Brand New School is a creative design and production studio specializing in commercials, interactive media, branding consultation and design, and music videos. The company was founded by Jonathan Notaro and has offices in New York City and Los Angeles. The studio has created content for many global brands, including Coca-Cola, Apple Inc., Google, Nike, Gillette, Ford, BBC, and Starbucks, among others. The company has been recognized by AICP, Art Directors Club, D&AD, Cannes Lions, and AIGA.

== History ==
After spending time as an Art Director at Fuel/Razorfish, Jonathan Notaro broke out on his own and founded the studio in Los Angeles in 2000. The company expanded to New York shortly thereafter. Since its founding, Brand New School has created animated content, live action films, and interactive and experiential media, as well as branding and design services for brands all over the world.

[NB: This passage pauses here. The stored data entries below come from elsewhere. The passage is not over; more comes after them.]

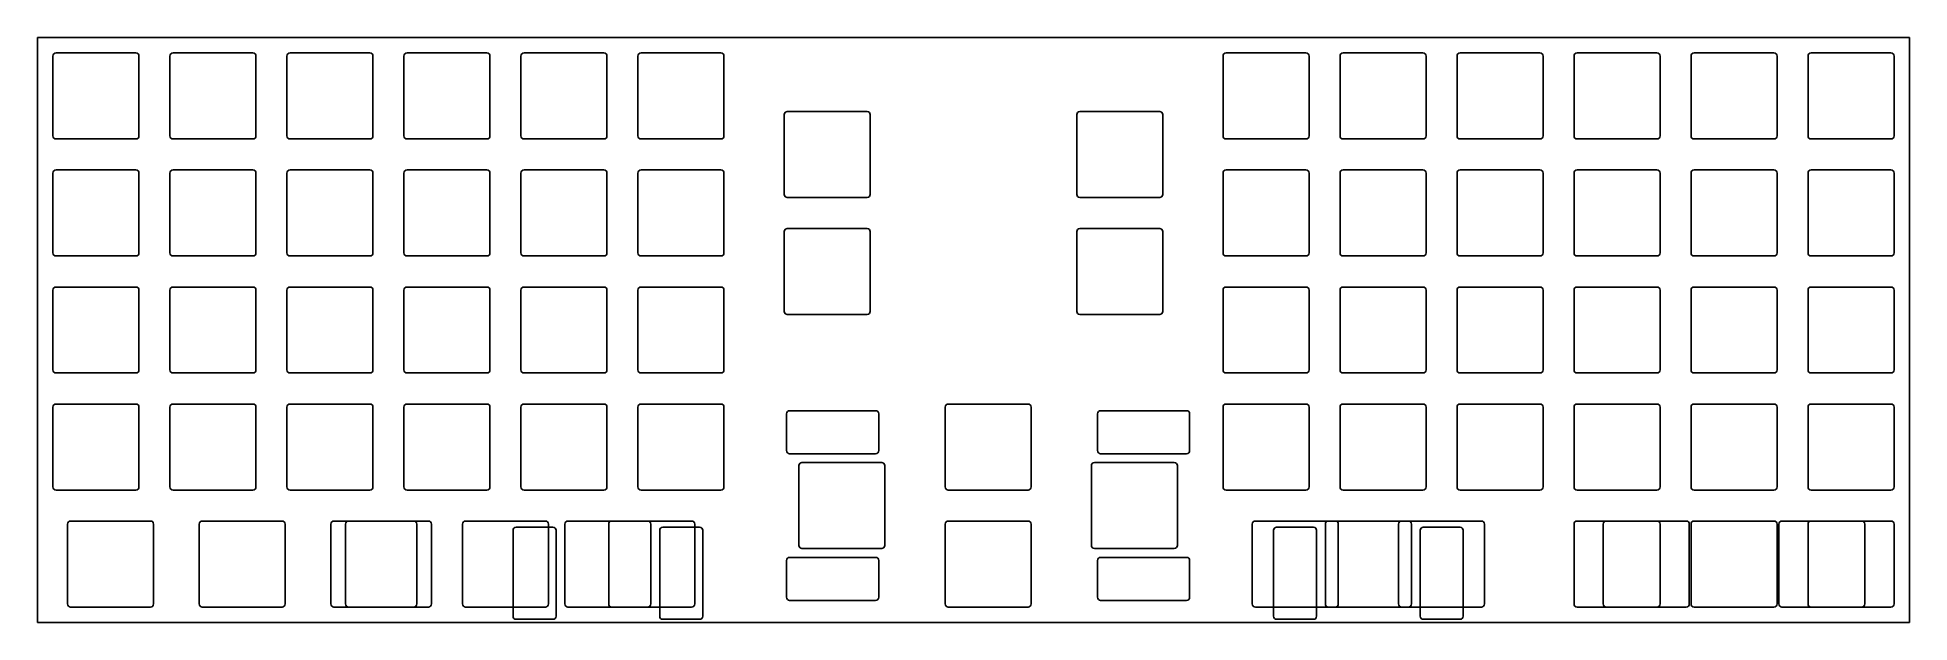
# Model space of a CAD drawing. Header units: millimetres. Extents: x 0 to 305, y -95 to 0.
import ezdxf

# ---------------------------------------------------------------- set-up
doc = ezdxf.new("R2010")
doc.units = ezdxf.units.MM

msp = doc.modelspace()

# ---------------------------------------------------------------- linework, layer by layer
for p, q in [((0, 0), (304.8, 0)), ((0, -95.25), (0, 0)), ((304.8, -95.25), (304.8, 0)), ((2.525, -3.025), (2.525, -16.025)), ((3.025, -2.525), (16.025, -2.525)), ((16.525, -3.025), (16.525, -16.025)), ((21.575, -3.025), (21.575, -16.025)), ((22.075, -2.525), (35.075, -2.525)), ((35.575, -3.025), (35.575, -16.025)), ((40.625, -3.025), (40.625, -16.025)), ((41.125, -2.525), (54.125, -2.525)), ((54.625, -3.025), (54.625, -16.025)), ((59.675, -3.025), (59.675, -16.025)), ((60.175, -2.525), (73.175, -2.525)), ((73.675, -3.025), (73.675, -16.025)), ((78.725, -3.025), (78.725, -16.025)), ((79.225, -2.525), (92.225, -2.525)), ((92.725, -3.025), (92.725, -16.025)), ((97.775, -3.025), (97.775, -16.025)), ((98.275, -2.525), (111.275, -2.525)), ((111.775, -3.025), (111.775, -16.025)), ((193.025, -3.025), (193.025, -16.025)), ((193.525, -2.525), (206.525, -2.525)), ((207.025, -3.025), (207.025, -16.025)), ((212.075, -3.025), (212.075, -16.025)), ((212.575, -2.525), (225.575, -2.525)), ((226.075, -3.025), (226.075, -16.025)), ((231.125, -3.025), (231.125, -16.025)), ((231.625, -2.525), (244.625, -2.525)), ((245.125, -3.025), (245.125, -16.025)), ((250.175, -3.025), (250.175, -16.025)), ((250.675, -2.525), (263.675, -2.525)), ((264.175, -3.025), (264.175, -16.025)), ((269.225, -3.025), (269.225, -16.025)), ((269.725, -2.525), (282.725, -2.525)), ((283.225, -3.025), (283.225, -16.025)), ((288.275, -3.025), (288.275, -16.025)), ((288.775, -2.525), (301.775, -2.525)), ((302.275, -3.025), (302.275, -16.025)), ((122.0875, -12.05), (135.0875, -12.05)), ((169.7125, -12.05), (182.7125, -12.05)), ((121.5875, -12.55), (121.5875, -25.55)), ((135.5875, -12.55), (135.5875, -25.55)), ((169.2125, -12.55), (169.2125, -25.55)), ((183.2125, -12.55), (183.2125, -25.55)), ((3.025, -16.525), (16.025, -16.525)), ((22.075, -16.525), (35.075, -16.525)), ((41.125, -16.525), (54.125, -16.525)), ((60.175, -16.525), (73.175, -16.525)), ((79.225, -16.525), (92.225, -16.525)), ((98.275, -16.525), (111.275, -16.525)), ((193.525, -16.525), (206.525, -16.525)), ((212.575, -16.525), (225.575, -16.525)), ((231.625, -16.525), (244.625, -16.525)), ((250.675, -16.525), (263.675, -16.525)), ((269.725, -16.525), (282.725, -16.525)), ((288.775, -16.525), (301.775, -16.525)), ((2.525, -22.075), (2.525, -35.075)), ((3.025, -21.575), (16.025, -21.575)), ((16.525, -22.075), (16.525, -35.075)), ((21.575, -22.075), (21.575, -35.075)), ((22.075, -21.575), (35.075, -21.575)), ((35.575, -22.075), (35.575, -35.075)), ((40.625, -22.075), (40.625, -35.075)), ((41.125, -21.575), (54.125, -21.575)), ((54.625, -22.075), (54.625, -35.075)), ((59.675, -22.075), (59.675, -35.075)), ((60.175, -21.575), (73.175, -21.575)), ((73.675, -22.075), (73.675, -35.075)), ((78.725, -22.075), (78.725, -35.075)), ((79.225, -21.575), (92.225, -21.575)), ((92.725, -22.075), (92.725, -35.075)), ((97.775, -22.075), (97.775, -35.075)), ((98.275, -21.575), (111.275, -21.575)), ((111.775, -22.075), (111.775, -35.075)), ((193.025, -22.075), (193.025, -35.075)), ((193.525, -21.575), (206.525, -21.575)), ((207.025, -22.075), (207.025, -35.075)), ((212.075, -22.075), (212.075, -35.075)), ((212.575, -21.575), (225.575, -21.575)), ((226.075, -22.075), (226.075, -35.075)), ((231.125, -22.075), (231.125, -35.075)), ((231.625, -21.575), (244.625, -21.575)), ((245.125, -22.075), (245.125, -35.075)), ((250.175, -22.075), (250.175, -35.075)), ((250.675, -21.575), (263.675, -21.575)), ((264.175, -22.075), (264.175, -35.075)), ((269.225, -22.075), (269.225, -35.075)), ((269.725, -21.575), (282.725, -21.575)), ((283.225, -22.075), (283.225, -35.075)), ((288.275, -22.075), (288.275, -35.075)), ((288.775, -21.575), (301.775, -21.575)), ((302.275, -22.075), (302.275, -35.075)), ((122.0875, -26.05), (135.0875, -26.05)), ((169.7125, -26.05), (182.7125, -26.05)), ((121.5875, -31.6), (121.5875, -44.6)), ((122.0875, -31.1), (135.0875, -31.1)), ((135.5875, -31.6), (135.5875, -44.6)), ((169.2125, -31.6), (169.2125, -44.6)), ((169.7125, -31.1), (182.7125, -31.1)), ((183.2125, -31.6), (183.2125, -44.6)), ((3.025, -35.575), (16.025, -35.575)), ((22.075, -35.575), (35.075, -35.575)), ((41.125, -35.575), (54.125, -35.575)), ((60.175, -35.575), (73.175, -35.575)), ((79.225, -35.575), (92.225, -35.575)), ((98.275, -35.575), (111.275, -35.575)), ((193.525, -35.575), (206.525, -35.575)), ((212.575, -35.575), (225.575, -35.575)), ((231.625, -35.575), (244.625, -35.575)), ((250.675, -35.575), (263.675, -35.575)), ((269.725, -35.575), (282.725, -35.575)), ((288.775, -35.575), (301.775, -35.575)), ((2.525, -41.125), (2.525, -54.125)), ((3.025, -40.625), (16.025, -40.625)), ((16.525, -41.125), (16.525, -54.125)), ((21.575, -41.125), (21.575, -54.125)), ((22.075, -40.625), (35.075, -40.625)), ((35.575, -41.125), (35.575, -54.125)), ((40.625, -41.125), (40.625, -54.125)), ((41.125, -40.625), (54.125, -40.625)), ((54.625, -41.125), (54.625, -54.125)), ((59.675, -41.125), (59.675, -54.125)), ((60.175, -40.625), (73.175, -40.625)), ((73.675, -41.125), (73.675, -54.125)), ((78.725, -41.125), (78.725, -54.125)), ((79.225, -40.625), (92.225, -40.625)), ((92.725, -41.125), (92.725, -54.125)), ((97.775, -41.125), (97.775, -54.125)), ((98.275, -40.625), (111.275, -40.625)), ((111.775, -41.125), (111.775, -54.125)), ((193.025, -41.125), (193.025, -54.125)), ((193.525, -40.625), (206.525, -40.625)), ((207.025, -41.125), (207.025, -54.125)), ((212.075, -41.125), (212.075, -54.125)), ((212.575, -40.625), (225.575, -40.625)), ((226.075, -41.125), (226.075, -54.125)), ((231.125, -41.125), (231.125, -54.125)), ((231.625, -40.625), (244.625, -40.625)), ((245.125, -41.125), (245.125, -54.125)), ((250.175, -41.125), (250.175, -54.125)), ((250.675, -40.625), (263.675, -40.625)), ((264.175, -41.125), (264.175, -54.125)), ((269.225, -41.125), (269.225, -54.125)), ((269.725, -40.625), (282.725, -40.625)), ((283.225, -41.125), (283.225, -54.125)), ((288.275, -41.125), (288.275, -54.125)), ((288.775, -40.625), (301.775, -40.625)), ((302.275, -41.125), (302.275, -54.125)), ((122.0875, -45.1), (135.0875, -45.1)), ((169.7125, -45.1), (182.7125, -45.1)), ((3.025, -54.625), (16.025, -54.625)), ((22.075, -54.625), (35.075, -54.625)), ((41.125, -54.625), (54.125, -54.625)), ((60.175, -54.625), (73.175, -54.625)), ((79.225, -54.625), (92.225, -54.625)), ((98.275, -54.625), (111.275, -54.625)), ((193.525, -54.625), (206.525, -54.625)), ((212.575, -54.625), (225.575, -54.625)), ((231.625, -54.625), (244.625, -54.625)), ((250.675, -54.625), (263.675, -54.625)), ((269.725, -54.625), (282.725, -54.625)), ((288.775, -54.625), (301.775, -54.625)), ((2.525, -60.175), (2.525, -73.175)), ((3.025, -59.675), (16.025, -59.675)), ((16.525, -60.175), (16.525, -73.175)), ((21.575, -60.175), (21.575, -73.175)), ((22.075, -59.675), (35.075, -59.675)), ((35.575, -60.175), (35.575, -73.175)), ((40.625, -60.175), (40.625, -73.175)), ((41.125, -59.675), (54.125, -59.675)), ((54.625, -60.175), (54.625, -73.175)), ((59.675, -60.175), (59.675, -73.175)), ((60.175, -59.675), (73.175, -59.675)), ((73.675, -60.175), (73.675, -73.175)), ((78.725, -60.175), (78.725, -73.175)), ((79.225, -59.675), (92.225, -59.675)), ((92.725, -60.175), (92.725, -73.175)), ((97.775, -60.175), (97.775, -73.175)), ((98.275, -59.675), (111.275, -59.675)), ((111.775, -60.175), (111.775, -73.175)), ((136.46875, -60.762), (122.46875, -60.762)), ((147.78125, -60.175), (147.78125, -73.175)), ((148.28125, -59.675), (161.28125, -59.675)), ((161.78125, -60.175), (161.78125, -73.175)), ((173.09375, -60.762), (187.09375, -60.762)), ((193.025, -60.175), (193.025, -73.175)), ((193.525, -59.675), (206.525, -59.675)), ((207.025, -60.175), (207.025, -73.175)), ((212.075, -60.175), (212.075, -73.175)), ((212.575, -59.675), (225.575, -59.675)), ((226.075, -60.175), (226.075, -73.175)), ((231.125, -60.175), (231.125, -73.175)), ((231.625, -59.675), (244.625, -59.675)), ((245.125, -60.175), (245.125, -73.175)), ((250.175, -60.175), (250.175, -73.175)), ((250.675, -59.675), (263.675, -59.675)), ((264.175, -60.175), (264.175, -73.175)), ((269.225, -60.175), (269.225, -73.175)), ((269.725, -59.675), (282.725, -59.675)), ((283.225, -60.175), (283.225, -73.175)), ((288.275, -60.175), (288.275, -73.175)), ((288.775, -59.675), (301.775, -59.675)), ((302.275, -60.175), (302.275, -73.175)), ((121.96875, -61.262), (121.96875, -67.262)), ((136.96875, -61.262), (136.96875, -67.262)), ((172.59375, -67.262), (172.59375, -61.262)), ((187.59375, -67.262), (187.59375, -61.262)), ((136.46875, -67.762), (122.46875, -67.762)), ((123.96875, -69.7), (123.96875, -82.7)), ((137.46875, -69.2), (124.46875, -69.2)), ((137.96875, -69.7), (137.96875, -82.7)), ((171.59375, -82.7), (171.59375, -69.7)), ((172.09375, -69.2), (185.09375, -69.2)), ((173.09375, -67.762), (187.09375, -67.762)), ((185.59375, -82.7), (185.59375, -69.7)), ((3.025, -73.675), (16.025, -73.675)), ((22.075, -73.675), (35.075, -73.675)), ((41.125, -73.675), (54.125, -73.675)), ((60.175, -73.675), (73.175, -73.675)), ((79.225, -73.675), (92.225, -73.675)), ((98.275, -73.675), (111.275, -73.675)), ((148.28125, -73.675), (161.28125, -73.675)), ((193.525, -73.675), (206.525, -73.675)), ((212.575, -73.675), (225.575, -73.675)), ((231.625, -73.675), (244.625, -73.675)), ((250.675, -73.675), (263.675, -73.675)), ((269.725, -73.675), (282.725, -73.675)), ((288.775, -73.675), (301.775, -73.675)), ((4.90625, -79.225), (4.90625, -92.225)), ((4.90625, -79.225), (4.90625, -92.225)), ((4.90625, -79.225), (4.90625, -92.225)), ((5.40625, -78.725), (18.40625, -78.725)), ((5.40625, -78.725), (18.40625, -78.725)), ((5.40625, -78.725), (18.40625, -78.725)), ((18.90625, -79.225), (18.90625, -92.225)), ((18.90625, -79.225), (18.90625, -92.225)), ((18.90625, -79.225), (18.90625, -92.225)), ((26.3375, -79.225), (26.3375, -92.225)), ((26.3375, -79.225), (26.3375, -92.225)), ((26.3375, -79.225), (26.3375, -92.225)), ((26.8375, -78.725), (39.8375, -78.725)), ((26.8375, -78.725), (39.8375, -78.725)), ((26.8375, -78.725), (39.8375, -78.725)), ((40.3375, -79.225), (40.3375, -92.225)), ((40.3375, -79.225), (40.3375, -92.225)), ((40.3375, -79.225), (40.3375, -92.225)), ((47.76875, -79.225), (47.76875, -92.225)), ((47.76875, -79.225), (47.76875, -92.225)), ((48.26875, -78.725), (61.26875, -78.725)), ((48.26875, -78.725), (61.26875, -78.725)), ((50.15, -79.225), (50.15, -92.225)), ((50.65, -78.725), (63.65, -78.725)), ((61.76875, -79.225), (61.76875, -92.225)), ((61.76875, -79.225), (61.76875, -92.225)), ((64.15, -79.225), (64.15, -92.225)), ((69.2, -79.225), (69.2, -92.225)), ((69.7, -78.725), (82.7, -78.725)), ((83.2, -79.225), (83.2, -92.225)), ((85.86875, -79.225), (85.86875, -92.225)), ((85.86875, -79.225), (85.86875, -92.225)), ((86.36875, -78.725), (99.36875, -78.725)), ((86.36875, -78.725), (99.36875, -78.725)), ((93.0125, -79.225), (93.0125, -92.225)), ((93.5125, -78.725), (106.5125, -78.725)), ((99.86875, -79.225), (99.86875, -92.225)), ((99.86875, -79.225), (99.86875, -92.225)), ((107.0125, -79.225), (107.0125, -92.225)), ((147.78125, -79.225), (147.78125, -92.225)), ((148.28125, -78.725), (161.28125, -78.725)), ((161.78125, -79.225), (161.78125, -92.225)), ((197.7875, -79.225), (197.7875, -92.225)), ((198.2875, -78.725), (211.2875, -78.725)), ((209.69375, -79.225), (209.69375, -92.225)), ((210.19375, -78.725), (223.19375, -78.725)), ((211.7875, -79.225), (211.7875, -92.225)), ((221.6, -79.225), (221.6, -92.225)), ((222.1, -78.725), (235.1, -78.725)), ((223.69375, -79.225), (223.69375, -92.225)), ((235.6, -79.225), (235.6, -92.225)), ((250.175, -79.225), (250.175, -92.225)), ((250.675, -78.725), (263.675, -78.725)), ((254.9375, -79.225), (254.9375, -92.225)), ((255.4375, -78.725), (268.4375, -78.725)), ((264.175, -79.225), (264.175, -92.225)), ((268.9375, -79.225), (268.9375, -92.225)), ((269.225, -79.225), (269.225, -92.225)), ((269.725, -78.725), (282.725, -78.725)), ((283.225, -79.225), (283.225, -92.225)), ((283.5125, -79.225), (283.5125, -92.225)), ((284.0125, -78.725), (297.0125, -78.725)), ((288.275, -79.225), (288.275, -92.225)), ((288.775, -78.725), (301.775, -78.725)), ((297.5125, -79.225), (297.5125, -92.225)), ((302.275, -79.225), (302.275, -92.225)), ((77.43075, -80.225), (77.43075, -94.225)), ((77.43075, -80.225), (77.43075, -94.225)), ((77.93075, -79.725), (83.93075, -79.725)), ((77.93075, -79.725), (83.93075, -79.725)), ((84.43075, -80.225), (84.43075, -94.225)), ((84.43075, -80.225), (84.43075, -94.225)), ((101.30675, -80.225), (101.30675, -94.225)), ((101.30675, -80.225), (101.30675, -94.225)), ((101.80675, -79.725), (107.80675, -79.725)), ((101.80675, -79.725), (107.80675, -79.725)), ((108.30675, -80.225), (108.30675, -94.225)), ((108.30675, -80.225), (108.30675, -94.225)), ((201.25575, -80.225), (201.25575, -94.225)), ((201.75575, -79.725), (207.75575, -79.725)), ((208.25575, -80.225), (208.25575, -94.225)), ((225.13175, -80.225), (225.13175, -94.225)), ((225.63175, -79.725), (231.63175, -79.725)), ((232.13175, -80.225), (232.13175, -94.225)), ((121.96875, -85.138), (121.96875, -91.138)), ((136.46875, -84.638), (122.46875, -84.638)), ((137.46875, -83.2), (124.46875, -83.2)), ((136.96875, -85.138), (136.96875, -91.138)), ((172.09375, -83.2), (185.09375, -83.2)), ((172.59375, -91.138), (172.59375, -85.138)), ((173.09375, -84.638), (187.09375, -84.638)), ((187.59375, -91.138), (187.59375, -85.138)), ((5.40625, -92.725), (18.40625, -92.725)), ((5.40625, -92.725), (18.40625, -92.725)), ((5.40625, -92.725), (18.40625, -92.725)), ((26.8375, -92.725), (39.8375, -92.725)), ((26.8375, -92.725), (39.8375, -92.725)), ((26.8375, -92.725), (39.8375, -92.725)), ((48.26875, -92.725), (61.26875, -92.725)), ((48.26875, -92.725), (61.26875, -92.725)), ((50.65, -92.725), (63.65, -92.725)), ((69.7, -92.725), (82.7, -92.725)), ((86.36875, -92.725), (99.36875, -92.725)), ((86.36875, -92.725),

The studio has created launch campaigns for products such as the Gillette Fusion ProShield razors, the OnePlus 3T smartphone, and several Google devices. Interactive and out-of-home work includes a display for Oreo in New York's Times Square and a touchscreen display in the lobby of GE headquarters in Fairfield, CT. The studio headed up the re-branding for Cartoon Network in 2010.

== Directors ==
Brand New School has a diverse roster of directors that lead the company's projects. Chris Dooley has created content for McDonald's, British Airways, Lego, and ESPN, and his music videos for the Selena Gomez tracks "A Year Without Rain" and "Naturally" have racked up over 200 million views each on Vevo. Ben Go has worked on campaigns for Honda, Samsung, and Kellogg's. Robert Bisi's work has been recognized by Cannes Lions, and he has created projects for Toyota, eBay, Corona, and Old Navy. Brumby Boylston's short film "Cruising Electric" was accepted by the Sundance Film Festival, and he has created campaigns for Taco Bell and Syfy Network. In addition to leading the company, Jonathan Notaro is an accomplished director in his own right, working on projects for Apple, Ikea, Jack Daniel's, and Ford, and receiving praise from the Art Directors Club, D&AD, Cannes Lions, the Clios, and the Type Directors Club.